____ Entries shown

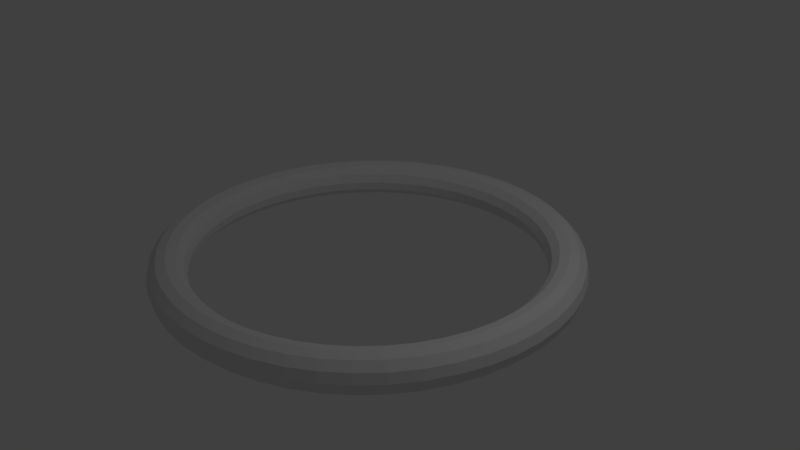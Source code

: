 # Source: streering_wheel.blend  (saved by Blender 2.78.0; exported with 4.5.12 LTS)
import bpy
from mathutils import Matrix  # noqa: F401  (used for matrix-valued properties, if any)

bpy.ops.wm.read_factory_settings(use_empty=True)
scene = bpy.context.scene
scene.name = 'Scene'

# ---- collections
col_collection_1 = bpy.data.collections.new('Collection 1'); scene.collection.children.link(col_collection_1)

# ---- world
world_world = bpy.data.worlds.new('World'); scene.world = world_world
world_world.color = (0.05088, 0.05088, 0.05088)
world_world.use_sun_shadow = False
world_world.sun_shadow_jitter_overblur = 0.0
world_world.cycles.sampling_method = 'MANUAL'

# ---- cameras
cam_camera = bpy.data.cameras.new('Camera')
cam_camera.clip_end = 100.0
cam_camera.lens = 35.0
cam_camera.sensor_width = 32.0
cam_camera.sensor_height = 18.0
cam_camera.ortho_scale = 7.314
cam_camera.dof.focus_distance = 0.0
cam_camera.dof.aperture_fstop = 128.0

# ---- lights
light_lamp = bpy.data.lights.new('Lamp', 'POINT')
light_lamp.transmission_factor = 0.0
light_lamp.cutoff_distance = 30.0
light_lamp.energy = 100.0
light_lamp.shadow_buffer_clip_start = 1.001
light_lamp.shadow_soft_size = 0.1
light_lamp.shadow_maximum_resolution = 0.006
light_lamp.use_absolute_resolution = True

# ---- meshes
me_torus = bpy.data.meshes.new('Torus')
me_torus.from_pydata([(2.78, 0.0, 0.0), (2.747, 0.0, 0.125), (2.655, 0.0, 0.2165), (2.53, 0.0, 0.25), (2.405, 0.0, 0.2165), (2.313, 0.0, 0.125), (2.28, 0.0, 3.062e-17), (2.313, 0.0, -0.125), (2.405, 0.0, -0.2165), (2.53, 0.0, -0.25), (2.655, 0.0, -0.2165), (2.747, 0.0, -0.125), (2.756, 0.3629, 0.0), (2.723, 0.3585, 0.125), (2.632, 0.3465, 0.2165), (2.508, 0.3302, 0.25), (2.384, 0.3139, 0.2165), (2.294, 0.302, 0.125), (2.26, 0.2976, 3.062e-17), (2.294, 0.302, -0.125), (2.384, 0.3139, -0.2165), (2.508, 0.3302, -0.25), (2.632, 0.3465, -0.2165), (2.723, 0.3585, -0.125), (2.685, 0.7195, 0.0), (2.653, 0.7108, 0.125), (2.565, 0.6872, 0.2165), (2.444, 0.6548, 0.25), (2.323, 0.6225, 0.2165), (2.235, 0.5988, 0.125), (2.202, 0.5901, 3.062e-17), (2.235, 0.5988, -0.125), (2.323, 0.6225, -0.2165), (2.444, 0.6548, -0.25), (2.565, 0.6872, -0.2165), (2.653, 0.7108, -0.125), (2.568, 1.064, 0.0), (2.537, 1.051, 0.125), (2.453, 1.016, 0.2165), (2.337, 0.9682, 0.25), (2.222, 0.9204, 0.2165), (2.137, 0.8853, 0.125), (2.106, 0.8725, 3.062e-17), (2.137, 0.8853, -0.125), (2.222, 0.9204, -0.2165), (2.337, 0.9682, -0.25), (2.453, 1.016, -0.2165), (2.537, 1.051, -0.125), (2.408, 1.39, 0.0), (2.379, 1.373, 0.125), (2.299, 1.328, 0.2165), (2.191, 1.265, 0.25), (2.083, 1.203, 0.2165), (2.004, 1.157, 0.125), (1.975, 1.14, 3.062e-17), (2.004, 1.157, -0.125), (2.083, 1.203, -0.2165), (2.191, 1.265, -0.25), (2.299, 1.328, -0.2165), (2.379, 1.373, -0.125), (2.206, 1.692, 0.0), (2.179, 1.672, 0.125), (2.106, 1.616, 0.2165), (2.007, 1.54, 0.25), (1.908, 1.464, 0.2165), (1.835, 1.408, 0.125), (1.809, 1.388, 3.062e-17), (1.835, 1.408, -0.125), (1.908, 1.464, -0.2165), (2.007, 1.54, -0.25), (2.106, 1.616, -0.2165), (2.179, 1.672, -0.125), (1.966, 1.966, 0.0), (1.942, 1.942, 0.125), (1.877, 1.877, 0.2165), (1.789, 1.789, 0.25), (1.701, 1.701, 0.2165), (1.636, 1.636, 0.125), (1.612, 1.612, 3.062e-17), (1.636, 1.636, -0.125), (1.701, 1.701, -0.2165), (1.789, 1.789, -0.25), (1.877, 1.877, -0.2165), (1.942, 1.942, -0.125), (1.692, 2.206, 0.0), (1.672, 2.179, 0.125), (1.616, 2.106, 0.2165), (1.54, 2.007, 0.25), (1.464, 1.908, 0.2165), (1.408, 1.835, 0.125), (1.388, 1.809, 3.062e-17), (1.408, 1.835, -0.125), (1.464, 1.908, -0.2165), (1.54, 2.007, -0.25), (1.616, 2.106, -0.2165), (1.672, 2.179, -0.125), (1.39, 2.408, 0.0), (1.373, 2.379, 0.125), (1.327, 2.299, 0.2165), (1.265, 2.191, 0.25), (1.202, 2.083, 0.2165), (1.157, 2.004, 0.125), (1.14, 1.975, 3.062e-17), (1.157, 2.004, -0.125), (1.202, 2.083, -0.2165), (1.265, 2.191, -0.25), (1.327, 2.299, -0.2165), (1.373, 2.379, -0.125), (1.064, 2.568, 0.0), (1.051, 2.537, 0.125), (1.016, 2.453, 0.2165), (0.9682, 2.337, 0.25), (0.9204, 2.222, 0.2165), (0.8853, 2.137, 0.125), (0.8725, 2.106, 3.062e-17), (0.8853, 2.137, -0.125), (0.9204, 2.222, -0.2165), (0.9682, 2.337, -0.25), (1.016, 2.453, -0.2165), (1.051, 2.537, -0.125), (0.7195, 2.685, 0.0), (0.7108, 2.653, 0.125), (0.6872, 2.565, 0.2165), (0.6548, 2.444, 0.25), (0.6225, 2.323, 0.2165), (0.5988, 2.235, 0.125), (0.5901, 2.202, 3.062e-17), (0.5988, 2.235, -0.125), (0.6225, 2.323, -0.2165), (0.6548, 2.444, -0.25), (0.6872, 2.565, -0.2165), (0.7108, 2.653, -0.125), (0.3629, 2.756, 0.0), (0.3585, 2.723, 0.125), (0.3465, 2.632, 0.2165), (0.3302, 2.508, 0.25), (0.3139, 2.384, 0.2165), (0.302, 2.294, 0.125), (0.2976, 2.26, 3.062e-17), (0.302, 2.294, -0.125), (0.3139, 2.384, -0.2165), (0.3302, 2.508, -0.25), (0.3465, 2.632, -0.2165), (0.3585, 2.723, -0.125), (3.576e-07, 2.78, 0.0), (3.576e-07, 2.747, 0.125), (1.192e-07, 2.655, 0.2165), (1.192e-07, 2.53, 0.25), (1.192e-07, 2.405, 0.2165), (3.576e-07, 2.313, 0.125), (3.576e-07, 2.28, 3.062e-17), (3.576e-07, 2.313, -0.125), (1.192e-07, 2.405, -0.2165), (1.192e-07, 2.53, -0.25), (1.192e-07, 2.655, -0.2165), (3.576e-07, 2.747, -0.125), (-0.3629, 2.756, 0.0), (-0.3585, 2.723, 0.125), (-0.3465, 2.632, 0.2165), (-0.3302, 2.508, 0.25), (-0.3139, 2.384, 0.2165), (-0.302, 2.294, 0.125), (-0.2976, 2.26, 3.062e-17), (-0.302, 2.294, -0.125), (-0.3139, 2.384, -0.2165), (-0.3302, 2.508, -0.25), (-0.3465, 2.632, -0.2165), (-0.3585, 2.723, -0.125), (-0.7195, 2.685, 0.0), (-0.7108, 2.653, 0.125), (-0.6872, 2.565, 0.2165), (-0.6548, 2.444, 0.25), (-0.6225, 2.323, 0.2165), (-0.5988, 2.235, 0.125), (-0.5901, 2.202, 3.062e-17), (-0.5988, 2.235, -0.125), (-0.6225, 2.323, -0.2165), (-0.6548, 2.444, -0.25), (-0.6872, 2.565, -0.2165), (-0.7108, 2.653, -0.125), (-1.064, 2.568, 0.0), (-1.051, 2.537, 0.125), (-1.016, 2.453, 0.2165), (-0.9682, 2.337, 0.25), (-0.9204, 2.222, 0.2165), (-0.8853, 2.137, 0.125), (-0.8725, 2.106, 3.062e-17), (-0.8853, 2.137, -0.125), (-0.9204, 2.222, -0.2165), (-0.9682, 2.337, -0.25), (-1.016, 2.453, -0.2165), (-1.051, 2.537, -0.125), (-1.39, 2.408, 0.0), (-1.373, 2.379, 0.125), (-1.327, 2.299, 0.2165), (-1.265, 2.191, 0.25), (-1.202, 2.083, 0.2165), (-1.157, 2.004, 0.125), (-1.14, 1.975, 3.062e-17), (-1.157, 2.004, -0.125), (-1.202, 2.083, -0.2165), (-1.265, 2.191, -0.25), (-1.327, 2.299, -0.2165), (-1.373, 2.379, -0.125), (-1.692, 2.206, 0.0), (-1.672, 2.179, 0.125), (-1.616, 2.106, 0.2165), (-1.54, 2.007, 0.25), (-1.464, 1.908, 0.2165), (-1.408, 1.835, 0.125), (-1.388, 1.809, 3.062e-17), (-1.408, 1.835, -0.125), (-1.464, 1.908, -0.2165), (-1.54, 2.007, -0.25), (-1.616, 2.106, -0.2165), (-1.672, 2.179, -0.125), (-1.966, 1.966, 0.0), (-1.942, 1.942, 0.125), (-1.877, 1.877, 0.2165), (-1.789, 1.789, 0.25), (-1.701, 1.701, 0.2165), (-1.636, 1.636, 0.125), (-1.612, 1.612, 3.062e-17), (-1.636, 1.636, -0.125), (-1.701, 1.701, -0.2165), (-1.789, 1.789, -0.25), (-1.877, 1.877, -0.2165), (-1.942, 1.942, -0.125), (-2.206, 1.692, 0.0), (-2.179, 1.672, 0.125), (-2.106, 1.616, 0.2165), (-2.007, 1.54, 0.25), (-1.908, 1.464, 0.2165), (-1.835, 1.408, 0.125), (-1.809, 1.388, 3.062e-17), (-1.835, 1.408, -0.125), (-1.908, 1.464, -0.2165), (-2.007, 1.54, -0.25), (-2.106, 1.616, -0.2165), (-2.179, 1.672, -0.125), (-2.408, 1.39, 0.0), (-2.379, 1.373, 0.125), (-2.299, 1.328, 0.2165), (-2.191, 1.265, 0.25), (-2.083, 1.203, 0.2165), (-2.004, 1.157, 0.125), (-1.975, 1.14, 3.062e-17), (-2.004, 1.157, -0.125), (-2.083, 1.203, -0.2165), (-2.191, 1.265, -0.25), (-2.299, 1.328, -0.2165), (-2.379, 1.373, -0.125), (-2.568, 1.064, 0.0), (-2.537, 1.051, 0.125), (-2.453, 1.016, 0.2165), (-2.337, 0.9682, 0.25), (-2.222, 0.9204, 0.2165), (-2.137, 0.8853, 0.125), (-2.106, 0.8725, 3.062e-17), (-2.137, 0.8853, -0.125), (-2.222, 0.9204, -0.2165), (-2.337, 0.9682, -0.25), (-2.453, 1.016, -0.2165), (-2.537, 1.051, -0.125), (-2.685, 0.7195, 0.0), (-2.653, 0.7108, 0.125), (-2.565, 0.6872, 0.2165), (-2.444, 0.6548, 0.25), (-2.323, 0.6225, 0.2165), (-2.235, 0.5988, 0.125), (-2.202, 0.5901, 3.062e-17), (-2.235, 0.5988, -0.125), (-2.323, 0.6225, -0.2165), (-2.444, 0.6548, -0.25), (-2.565, 0.6872, -0.2165), (-2.653, 0.7108, -0.125), (-2.756, 0.3629, 0.0), (-2.723, 0.3585, 0.125), (-2.632, 0.3465, 0.2165), (-2.508, 0.3302, 0.25), (-2.384, 0.3139, 0.2165), (-2.294, 0.302, 0.125), (-2.26, 0.2976, 3.062e-17), (-2.294, 0.302, -0.125), (-2.384, 0.3139, -0.2165), (-2.508, 0.3302, -0.25), (-2.632, 0.3465, -0.2165), (-2.723, 0.3585, -0.125), (-2.78, 2.43e-07, 0.0), (-2.747, 2.401e-07, 0.125), (-2.655, 2.321e-07, 0.2165), (-2.53, 2.212e-07, 0.25), (-2.405, 2.103e-07, 0.2165), (-2.313, 2.023e-07, 0.125), (-2.28, 1.993e-07, 3.062e-17), (-2.313, 2.023e-07, -0.125), (-2.405, 2.103e-07, -0.2165), (-2.53, 2.212e-07, -0.25), (-2.655, 2.321e-07, -0.2165), (-2.747, 2.401e-07, -0.125), (-2.756, -0.3629, 0.0), (-2.723, -0.3585, 0.125), (-2.632, -0.3465, 0.2165), (-2.508, -0.3302, 0.25), (-2.384, -0.3139, 0.2165), (-2.294, -0.302, 0.125), (-2.26, -0.2976, 3.062e-17), (-2.294, -0.302, -0.125), (-2.384, -0.3139, -0.2165), (-2.508, -0.3302, -0.25), (-2.632, -0.3465, -0.2165), (-2.723, -0.3585, -0.125), (-2.685, -0.7195, 0.0), (-2.653, -0.7108, 0.125), (-2.565, -0.6872, 0.2165), (-2.444, -0.6548, 0.25), (-2.323, -0.6225, 0.2165), (-2.235, -0.5988, 0.125), (-2.202, -0.5901, 3.062e-17), (-2.235, -0.5988, -0.125), (-2.323, -0.6225, -0.2165), (-2.444, -0.6548, -0.25), (-2.565, -0.6872, -0.2165), (-2.653, -0.7108, -0.125), (-2.568, -1.064, 0.0), (-2.537, -1.051, 0.125), (-2.453, -1.016, 0.2165), (-2.337, -0.9682, 0.25), (-2.222, -0.9204, 0.2165), (-2.137, -0.8853, 0.125), (-2.106, -0.8725, 3.062e-17), (-2.137, -0.8853, -0.125), (-2.222, -0.9204, -0.2165), (-2.337, -0.9682, -0.25), (-2.453, -1.016, -0.2165), (-2.537, -1.051, -0.125), (-2.408, -1.39, 0.0), (-2.379, -1.373, 0.125), (-2.299, -1.327, 0.2165), (-2.191, -1.265, 0.25), (-2.083, -1.202, 0.2165), (-2.004, -1.157, 0.125), (-1.975, -1.14, 3.062e-17), (-2.004, -1.157, -0.125), (-2.083, -1.202, -0.2165), (-2.191, -1.265, -0.25), (-2.299, -1.327, -0.2165), (-2.379, -1.373, -0.125), (-2.206, -1.692, 0.0), (-2.179, -1.672, 0.125), (-2.106, -1.616, 0.2165), (-2.007, -1.54, 0.25), (-1.908, -1.464, 0.2165), (-1.835, -1.408, 0.125), (-1.809, -1.388, 3.062e-17), (-1.835, -1.408, -0.125), (-1.908, -1.464, -0.2165), (-2.007, -1.54, -0.25), (-2.106, -1.616, -0.2165), (-2.179, -1.672, -0.125), (-1.966, -1.966, 0.0), (-1.942, -1.942, 0.125), (-1.877, -1.877, 0.2165), (-1.789, -1.789, 0.25), (-1.701, -1.701, 0.2165), (-1.636, -1.636, 0.125), (-1.612, -1.612, 3.062e-17), (-1.636, -1.636, -0.125), (-1.701, -1.701, -0.2165), (-1.789, -1.789, -0.25), (-1.877, -1.877, -0.2165), (-1.942, -1.942, -0.125), (-1.692, -2.206, 0.0), (-1.672, -2.179, 0.125), (-1.616, -2.106, 0.2165), (-1.54, -2.007, 0.25), (-1.464, -1.908, 0.2165), (-1.408, -1.835, 0.125), (-1.388, -1.809, 3.062e-17), (-1.408, -1.835, -0.125), (-1.464, -1.908, -0.2165), (-1.54, -2.007, -0.25), (-1.616, -2.106, -0.2165), (-1.672, -2.179, -0.125), (-1.39, -2.408, 0.0), (-1.373, -2.379, 0.125), (-1.327, -2.299, 0.2165), (-1.265, -2.191, 0.25), (-1.202, -2.083, 0.2165), (-1.157, -2.004, 0.125), (-1.14, -1.975, 3.062e-17), (-1.157, -2.004, -0.125), (-1.202, -2.083, -0.2165), (-1.265, -2.191, -0.25), (-1.327, -2.299, -0.2165), (-1.373, -2.379, -0.125), (-1.064, -2.568, 0.0), (-1.051, -2.537, 0.125), (-1.016, -2.453, 0.2165), (-0.9682, -2.337, 0.25), (-0.9204, -2.222, 0.2165), (-0.8853, -2.137, 0.125), (-0.8725, -2.106, 3.062e-17), (-0.8853, -2.137, -0.125), (-0.9204, -2.222, -0.2165), (-0.9682, -2.337, -0.25), (-1.016, -2.453, -0.2165), (-1.051, -2.537, -0.125), (-0.7195, -2.685, 0.0), (-0.7108, -2.653, 0.125), (-0.6872, -2.565, 0.2165), (-0.6548, -2.444, 0.25), (-0.6225, -2.323, 0.2165), (-0.5988, -2.235, 0.125), (-0.5901, -2.202, 3.062e-17), (-0.5988, -2.235, -0.125), (-0.6225, -2.323, -0.2165), (-0.6548, -2.444, -0.25), (-0.6872, -2.565, -0.2165), (-0.7108, -2.653, -0.125), (-0.3629, -2.756, 0.0), (-0.3585, -2.723, 0.125), (-0.3465, -2.632, 0.2165), (-0.3302, -2.508, 0.25), (-0.3139, -2.384, 0.2165), (-0.302, -2.294, 0.125), (-0.2976, -2.26, 3.062e-17), (-0.302, -2.294, -0.125), (-0.3139, -2.384, -0.2165), (-0.3302, -2.508, -0.25), (-0.3465, -2.632, -0.2165), (-0.3585, -2.723, -0.125), (3.576e-07, -2.78, 0.0), (3.576e-07, -2.747, 0.125), (1.192e-07, -2.655, 0.2165), (1.192e-07, -2.53, 0.25), (1.192e-07, -2.405, 0.2165), (3.576e-07, -2.313, 0.125), (3.576e-07, -2.28, 3.062e-17), (3.576e-07, -2.313, -0.125), (1.192e-07, -2.405, -0.2165), (1.192e-07, -2.53, -0.25), (1.192e-07, -2.655, -0.2165), (3.576e-07, -2.747, -0.125), (0.3629, -2.756, 0.0), (0.3585, -2.723, 0.125), (0.3465, -2.632, 0.2165), (0.3302, -2.508, 0.25), (0.3139, -2.384, 0.2165), (0.302, -2.294, 0.125), (0.2976, -2.26, 3.062e-17), (0.302, -2.294, -0.125), (0.3139, -2.384, -0.2165), (0.3302, -2.508, -0.25), (0.3465, -2.632, -0.2165), (0.3585, -2.723, -0.125), (0.7195, -2.685, 0.0), (0.7108, -2.653, 0.125), (0.6872, -2.565, 0.2165), (0.6548, -2.444, 0.25), (0.6225, -2.323, 0.2165), (0.5988, -2.235, 0.125), (0.5901, -2.202, 3.062e-17), (0.5988, -2.235, -0.125), (0.6225, -2.323, -0.2165), (0.6548, -2.444, -0.25), (0.6872, -2.565, -0.2165), (0.7108, -2.653, -0.125), (1.064, -2.568, 0.0), (1.051, -2.537, 0.125), (1.016, -2.453, 0.2165), (0.9682, -2.337, 0.25), (0.9204, -2.222, 0.2165), (0.8853, -2.137, 0.125), (0.8725, -2.106, 3.062e-17), (0.8853, -2.137, -0.125), (0.9204, -2.222, -0.2165), (0.9682, -2.337, -0.25), (1.016, -2.453, -0.2165), (1.051, -2.537, -0.125), (1.39, -2.408, 0.0), (1.373, -2.379, 0.125), (1.327, -2.299, 0.2165), (1.265, -2.191, 0.25), (1.202, -2.083, 0.2165), (1.157, -2.004, 0.125), (1.14, -1.975, 3.062e-17), (1.157, -2.004, -0.125), (1.202, -2.083, -0.2165), (1.265, -2.191, -0.25), (1.327, -2.299, -0.2165), (1.373, -2.379, -0.125), (1.692, -2.206, 0.0), (1.672, -2.179, 0.125), (1.616, -2.106, 0.2165), (1.54, -2.007, 0.25), (1.464, -1.908, 0.2165), (1.408, -1.835, 0.125), (1.388, -1.809, 3.062e-17), (1.408, -1.835, -0.125), (1.464, -1.908, -0.2165), (1.54, -2.007, -0.25), (1.616, -2.106, -0.2165), (1.672, -2.179, -0.125), (1.966, -1.966, 0.0), (1.942, -1.942, 0.125), (1.877, -1.877, 0.2165), (1.789, -1.789, 0.25), (1.701, -1.701, 0.2165), (1.636, -1.636, 0.125), (1.612, -1.612, 3.062e-17), (1.636, -1.636, -0.125), (1.701, -1.701, -0.2165), (1.789, -1.789, -0.25), (1.877, -1.877, -0.2165), (1.942, -1.942, -0.125), (2.206, -1.692, 0.0), (2.179, -1.672, 0.125), (2.106, -1.616, 0.2165), (2.007, -1.54, 0.25), (1.908, -1.464, 0.2165), (1.835, -1.408, 0.125), (1.809, -1.388, 3.062e-17), (1.835, -1.408, -0.125), (1.908, -1.464, -0.2165), (2.007, -1.54, -0.25), (2.106, -1.616, -0.2165), (2.179, -1.672, -0.125), (2.408, -1.39, 0.0), (2.379, -1.373, 0.125), (2.299, -1.328, 0.2165), (2.191, -1.265, 0.25), (2.083, -1.203, 0.2165), (2.004, -1.157, 0.125), (1.975, -1.14, 3.062e-17), (2.004, -1.157, -0.125), (2.083, -1.203, -0.2165), (2.191, -1.265, -0.25), (2.299, -1.328, -0.2165), (2.379, -1.373, -0.125), (2.568, -1.064, 0.0), (2.537, -1.051, 0.125), (2.453, -1.016, 0.2165), (2.337, -0.9682, 0.25), (2.222, -0.9204, 0.2165), (2.137, -0.8853, 0.125), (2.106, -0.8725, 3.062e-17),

________

» What you need to do
Whenever a line in the records above contains the string "cameras", copy that line.

» Reply
# ---- cameras
cam_camera = bpy.data.cameras.new('Camera')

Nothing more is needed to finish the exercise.